Vom Kleiderschrank bis zum Nachwuchs – bei erfolgreichen Lifestyle-Bloggerinnen stimmt gerade bei der Bildsprache jedes Detail. Doch ist diese Inszenierung das, was wir sehen wollen? Ein Beispiel, dass es auch anders ziemlich gut funktioniert.
Früher war es die Werbung, die uns suggerierte, wie ein Frauenkörper auszusehen hat. Schlank, schön, aalglatt – Perfektion, von Fotografen und Grafikern kreiert. Seit Bloggerinnen und Blogger um Reichweite und Likes buhlen und ihren Alltag inszenieren, hat sich das Aalglatt-Prinzip auf das eigene Zuhause, die Mahlzeiten und das tägliche Outfit ausgedehnt. Das Müesli am Morgen wird kunstvoll ins rechte Licht gerückt (übrigens auch von mir), auf dem Tisch stehen stets frische Blumen (hätte ich gern), und der weisse Marmor in der Küche wird zum beliebten Fotountergrund – wer nicht in das teure Gestein investieren will oder kann, kauft Stoff in Marmoroptik (ich habe kurz darüber nachgedacht).
Mittlerweile bekennen sich viele der einst aalglatten Influencer zum Individualismus, brechen mit alten Mustern und besinnen sich bei ihrer Tätigkeit auf mehr Realitätsnähe, wie die Australierien Essena O’Neill, die im vergangenen Herbst die Inszenierung in den sozialen Medien kritisierte. Und doch finden wir sie noch zuhauf: die strahlend schönen Figuren, die schneeweissen Schlafzimmer und Pinterest-Küchen in der Qualität eines Hochglanzmagazins. Ich bin selbst eine, die auf Kritik an dieser Inszenierung meist gleichgültig reagiert. Was kümmert es mich, wenn Menschen ihre schönste Seite nach aussen kehren und ihr Glück präsentieren? Die digitale Welt gehört zu unserem Leben dazu, wir teilen, wir machen uns öffentlich und selbstverständlich am liebsten in unserer vorzeigbarsten Form. Anders aber bei der Inszenierung des Mutterglücks, hier geraten Frauen oft unter Druck. Was einem beim Frühstücksschälchen oder der Wahl der Bettwäsche noch schnurzegal ist, wird beim Handling der Kinder zum Unsicherheitsfaktor. Denn im Netz finden sich massenweise Supermamis, die augenscheinlich alles richtig machen und dies ausschliesslich mit ganz viel Stil.

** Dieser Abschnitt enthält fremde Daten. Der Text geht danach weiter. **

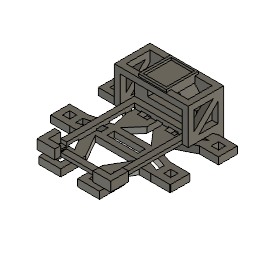
Proto-Board housing (Autodesk Fusion 360 design; units mm, degrees)
Autodesk Fusion 360 part; units mm, degrees
(part 1 of 2)
sketch "Sketch1" plane through (0, 0, 0) normal (0, 0, 1) x (1, 0, 0)
  line L0 (0, 0) -> (7, 0) construction
  line L1 (7, 0) -> (7, -7) construction
  line L2 (7, -7) -> (0, -7) construction
  line L3 (0, -7) -> (0, 0) construction
  line L4 (7, -3.5) -> (23, -3.5) construction
  line L5 (23, 0) -> (30, 0) construction
  line L6 (30, 0) -> (30, -7) construction
  line L7 (30, -7) -> (23, -7) construction
  line L8 (23, -7) -> (23, 0) construction
  line L9 (0, 0) -> (-25, 0) construction
  line L10 (30, 0) -> (55, 0) construction
  line L11 (-25, 0) -> (-30, 0) construction
  line L12 (-30, 0) -> (-30, 5) construction
  line L13 (-30, 5) -> (-25, 5) construction
  line L14 (-25, 5) -> (-25, 0) construction
  line L15 (55, 0) -> (60, 0) construction
  line L16 (60, 0) -> (60, 5) construction
  line L17 (60, 5) -> (55, 5) construction
  line L18 (55, 5) -> (55, 0) construction
  line L19 (-25, 0) -> (-25, -35) construction
  line L20 (-30, -35) -> (-25, -35) construction
  line L21 (-25, -35) -> (-25, -40) construction
  line L22 (-25, -40) -> (-30, -40) construction
  line L23 (-30, -40) -> (-30, -35) construction
  line L24 (55, 0) -> (55, -35) construction
  line L25 (55, -35) -> (60, -35) construction
  line L26 (60, -35) -> (60, -40) construction
  line L27 (60, -40) -> (55, -40) construction
  line L28 (55, -40) -> (55, -35) construction
  line L29 (15, -3.5) -> (15, -30) construction
  line L30 (15, -30) -> (2.5, -30) construction
  line L31 (2.5, -30) -> (27.5, -30) construction
  line L32 (27.5, -30) -> (27.5, -35) construction
  line L33 (27.5, -35) -> (2.5, -35) construction
  line L34 (2.5, -35) -> (2.5, -30) construction
  line L35 (2.5, -35) -> (2.5, -65) construction
  line L36 (27.5, -35) -> (27.5, -65) construction
  line L37 (2.5, -65) -> (-5, -65) construction
  line L38 (-5, -65) -> (-5, -75) construction
  line L39 (-5, -75) -> (2.5, -75) construction
  line L40 (2.5, -75) -> (2.5, -65) construction
  line L41 (27.5, -65) -> (35, -65) construction
  line L42 (35, -65) -> (35, -75) construction
  line L43 (35, -75) -> (27.5, -75) construction
  line L44 (27.5, -75) -> (27.5, -65) construction
  line L45 (-5, -65) -> (-5.5, -65) construction
  line L46 (-5.5, -65) -> (-5.5, -64.5) construction
  line L47 (-5.5, -64.5) -> (-5, -64.5) construction
  line L48 (-5, -64.5) -> (-5, -65) construction
  line L49 (-5.5, -64.5) -> (3, -64.5)
  line L50 (3, -64.5) -> (3, -75.5)
  line L51 (3, -75.5) -> (-5.5, -75.5)
  line L52 (-5.5, -75.5) -> (-5.5, -64.5)
  line L53 (27.5, -65) -> (27, -65) construction
  line L54 (27, -65) -> (27, -64.5) construction
  line L55 (27, -64.5) -> (27.5, -64.5) construction
  line L56 (27.5, -64.5) -> (27.5, -65) construction
  line L57 (27, -64.5) -> (35.5, -64.5)
  line L58 (35.5, -64.5) -> (35.5, -75.5)
  line L59 (35.5, -75.5) -> (27, -75.5)
  line L60 (27, -75.5) -> (27, -64.5)
  line L61 (2.5, -30) -> (2, -30) construction
  line L62 (2, -30) -> (2, -29.5) construction
  line L63 (2, -29.5) -> (2.5, -29.5) construction
  line L64 (2.5, -29.5) -> (2.5, -30) construction
  line L65 (-30, -35) -> (-30.5, -35) construction
  line L66 (-30.5, -35) -> (-30.5, -34.5) construction
  line L67 (-30.5, -34.5) -> (-30, -34.5) construction
  line L68 (-30, -34.5) -> (-30, -35) construction
  line L69 (-30.5, -34.5) -> (-24.5, -34.5)
  line L70 (-24.5, -34.5) -> (-24.5, -40.5)
  line L71 (-24.5, -40.5) -> (-30.5, -40.5)
  line L72 (-30.5, -40.5) -> (-30.5, -34.5)
  line L73 (-30, 5) -> (-30.5, 5) construction
  line L74 (-30.5, 5) -> (-30.5, 5.5) construction
  line L75 (-30.5, 5.5) -> (-30, 5.5) construction
  line L76 (-30, 5.5) -> (-30, 5) construction
  line L77 (-30.5, 5.5) -> (-24.5, 5.5)
  line L78 (-24.5, 5.5) -> (-24.5, -0.5)
  line L79 (-24.5, -0.5) -> (-30.5, -0.5)
  line L80 (-30.5, -0.5) -> (-30.5, 5.5)
  line L81 (0, 0) -> (-0.5, 0) construction
  line L82 (-0.5, 0) -> (-0.5, 0.5) construction
  line L83 (-0.5, 0.5) -> (0, 0.5) construction
  line L84 (0, 0.5) -> (0, 0) construction
  line L85 (-0.5, 0.5) -> (7.5, 0.5)
  line L86 (7.5, 0.5) -> (7.5, -7.5)
  line L87 (7.5, -7.5) -> (-0.5, -7.5)
  line L88 (-0.5, -7.5) -> (-0.5, 0.5)
  line L89 (23, 0) -> (22.5, 0) construction
  line L90 (22.5, 0) -> (22.5, 0.5) construction
  line L91 (22.5, 0.5) -> (23, 0.5) construction
  line L92 (23, 0.5) -> (23, 0) construction
  line L93 (22.5, 0.5) -> (30.5, 0.5)
  line L94 (30.5, 0.5) -> (30.5, -7.5)
  line L95 (30.5, -7.5) -> (22.5, -7.5)
  line L96 (22.5, -7.5) -> (22.5, 0.5)
  line L97 (55, 5) -> (54.5, 5) construction
  line L98 (54.5, 5) -> (54.5, 5.5) construction
  line L99 (54.5, 5.5) -> (55, 5.5) construction
  line L100 (55, 5.5) -> (55, 5) construction
  line L101 (54.5, 5.5) -> (60.5, 5.5)
  line L102 (60.5, 5.5) -> (60.5, -0.5)
  line L103 (60.5, -0.5) -> (54.5, -0.5)
  line L104 (54.5, -0.5) -> (54.5, 5.5)
  line L105 (54.5, -34.5) -> (60.5, -34.5)
  line L106 (60.5, -34.5) -> (60.5, -40.5)
  line L107 (60.5, -40.5) -> (54.5, -40.5)
  line L108 (54.5, -40.5) -> (54.5, -34.5)
  line L109 (60.5, -40.5) -> (65.5, -40.5) construction
  line L110 (65.5, -40.5) -> (65.5, -45.5) construction
  line L111 (65.5, -45.5) -> (60.5, -45.5) construction
  line L112 (60.5, -45.5) -> (60.5, -40.5) construction
  line L113 (35.5, -75.5) -> (40.5, -75.5) construction
  line L114 (40.5, -75.5) -> (40.5, -80.5) construction
  line L115 (40.5, -80.5) -> (35.5, -80.5) construction
  line L116 (35.5, -80.5) -> (35.5, -75.5) construction
  line L117 (40.5, -80.5) -> (65.5, -45.5)
  line L118 (60.5, -0.5) -> (65.5, -0.5) construction
  line L119 (65.5, -0.5) -> (65.5, -45.5)
  line L120 (-5.5, -75.5) -> (-10.5, -75.5) construction
  line L121 (-10.5, -75.5) -> (-10.5, -80.5) construction
  line L122 (-10.5, -80.5) -> (-5.5, -80.5) construction
  line L123 (-5.5, -80.5) -> (-5.5, -75.5) construction
  line L124 (-10.5, -80.5) -> (40.5, -80.5)
  line L125 (-30.5, -40.5) -> (-35.5, -40.5) construction
  line L126 (-35.5, -40.5) -> (-35.5, -45.5) construction
  line L127 (-35.5, -45.5) -> (-30.5, -45.5) construction
  line L128 (-30.5, -45.5) -> (-30.5, -40.5) construction
  line L129 (-35.5, -45.5) -> (-10.5, -80.5)
  line L130 (2, -29.5) -> (28, -29.5)
  line L131 (28, -29.5) -> (28, -35.5)
  line L132 (28, -35.5) -> (2, -35.5)
  line L133 (2, -35.5) -> (2, -29.5)
  line L134 (-30.5, -0.5) -> (-35.5, -0.5) construction
  line L135 (-35.5, -45.5) -> (-35.5, -0.5)
  line L136 (-30.5, 5.5) -> (-35.5, 5.5) construction
  line L137 (-35.5, 5.5) -> (-35.5, 10.5) construction
  line L138 (-35.5, 10.5) -> (-30.5, 10.5) construction
  line L139 (-30.5, 10.5) -> (-30.5, 5.5) construction
  line L140 (-35.5, -0.5) -> (-35.5, 10.5)
  line L141 (-24.5, 5.5) -> (-19.5, 5.5) construction
  line L142 (-19.5, 5.5) -> (-19.5, 10.5) construction
  line L143 (-19.5, 10.5) -> (-24.5, 10.5) construction
  line L144 (-24.5, 10.5) -> (-24.5, 5.5) construction
  line L145 (-35.5, 10.5) -> (-19.5, 10.5)
  line L146 (-0.5, 0.5) -> (-5.5, 0.5) construction
  line L147 (-5.5, 0.5) -> (-5.5, 5.5) construction
  line L148 (-5.5, 5.5) -> (-0.5, 5.5) construction
  line L149 (-0.5, 5.5) -> (-0.5, 0.5) construction
  line L150 (-19.5, 10.5) -> (-5.5, 5.5)
  line L151 (7.5, 0.5) -> (12.5, 0.5) construction
  line L152 (12.5, 0.5) -> (12.5, 5.5) construction
  line L153 (12.5, 5.5) -> (7.5, 5.5) construction
  line L154 (7.5, 5.5) -> (7.5, 0.5) construction
  line L155 (-5.5, 5.5) -> (12.5, 5.5)
  line L156 (30.5, 0.5) -> (35.5, 0.5) construction
  line L157 (35.5, 0.5) -> (35.5, 5.5) construction
  line L158 (35.5, 5.5) -> (30.5, 5.5) construction
  line L159 (30.5, 5.5) -> (30.5, 0.5) construction
  line L160 (12.5, 5.5) -> (35.5, 5.5)
  line L161 (54.5, 5.5) -> (49.5, 5.5) construction
  line L162 (49.5, 5.5) -> (49.5, 10.5) construction
  line L163 (49.5, 10.5) -> (54.5, 10.5) construction
  line L164 (54.5, 10.5) -> (54.5, 5.5) construction
  line L165 (35.5, 5.5) -> (49.5, 10.5)
  line L166 (60.5, 5.5) -> (65.5, 5.5) construction
  line L167 (65.5, 5.5) -> (65.5, 10.5) construction
  line L168 (65.5, 10.5) -> (60.5, 10.5) construction
  line L169 (60.5, 10.5) -> (60.5, 5.5) construction
  line L170 (49.5, 10.5) -> (65.5, 10.5)
  line L171 (65.5, 10.5) -> (65.5, -0.5)
  line L172 (30.5, -7.5) -> (35.5, -7.5) construction
  line L173 (35.5, -7.5) -> (35.5, -12.5) construction
  line L174 (35.5, -12.5) -> (30.5, -12.5) construction
  line L175 (30.5, -12.5) -> (30.5, -7.5) construction
  line L176 (54.5, -0.5) -> (49.5, -0.5) construction
  line L177 (49.5, -0.5) -> (49.5, -5.5) construction
  line L178 (49.5, -5.5) -> (54.5, -5.5) construction
  line L179 (54.5, -5.5) -> (54.5, -0.5) construction
  line L180 (54.5, -34.5) -> (49.5, -34.5) construction
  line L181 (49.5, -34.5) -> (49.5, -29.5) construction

Bloggerin und Mutter Rachel Parcell vom Blog Pink Peonies beispielsweise zelebriert auf ihrem Instagram-Account mit 931’000 Followern ebendiese strahlend schöne Welt. Damit ist sie eine von vielen. Dass das hinter der Kamera oft nicht mehr so perfekt aussieht, wissen wir im Grunde alle. Doch manchmal tut es gut, dies auch am lebenden Objekt zu beobachten. Dank Ehemann Drew Parcell ist das möglich. Dieser unterhält ebenfalls einen öffentlichen Instagram-Account, auf dem er seinen rund 27’700 Fans schonungslos ehrlich und gerade deshalb so sympathisch ein anderes Bild des Familienlebens zeichnet – der Hund voller Schmutz, die Frau zerzaust zwischen knittrigen Leintüchern und die Kinder gänzlich ohne Filter und inszenierter Kulisse – wenn auch auf weissem Marmor platziert. Nun könnte man meinen, dass er seiner Frau mit diesen Fotos die mühevoll inszenierte Arbeit zunichtemacht, gar ihre Follower verwirrt oder ihrem aufgebauten Image schadet, doch statt sich an den Aufnahmen zu stören, verlinkt Rachel Parcell ihn auf vielen ihrer Fotos und weist bewusst auf seinen Account hin. Sicher kein schlechter Schachzug, denn gerade mit diesem Kontrast schafft der Ehemann eine wohltuende Normalität und bietet köstliche Unterhaltung. Und das macht die kleine Familie noch liebenswerter. Ich habe mich jedenfalls noch lange nicht sattgesehen – besonders an seinen Bildern.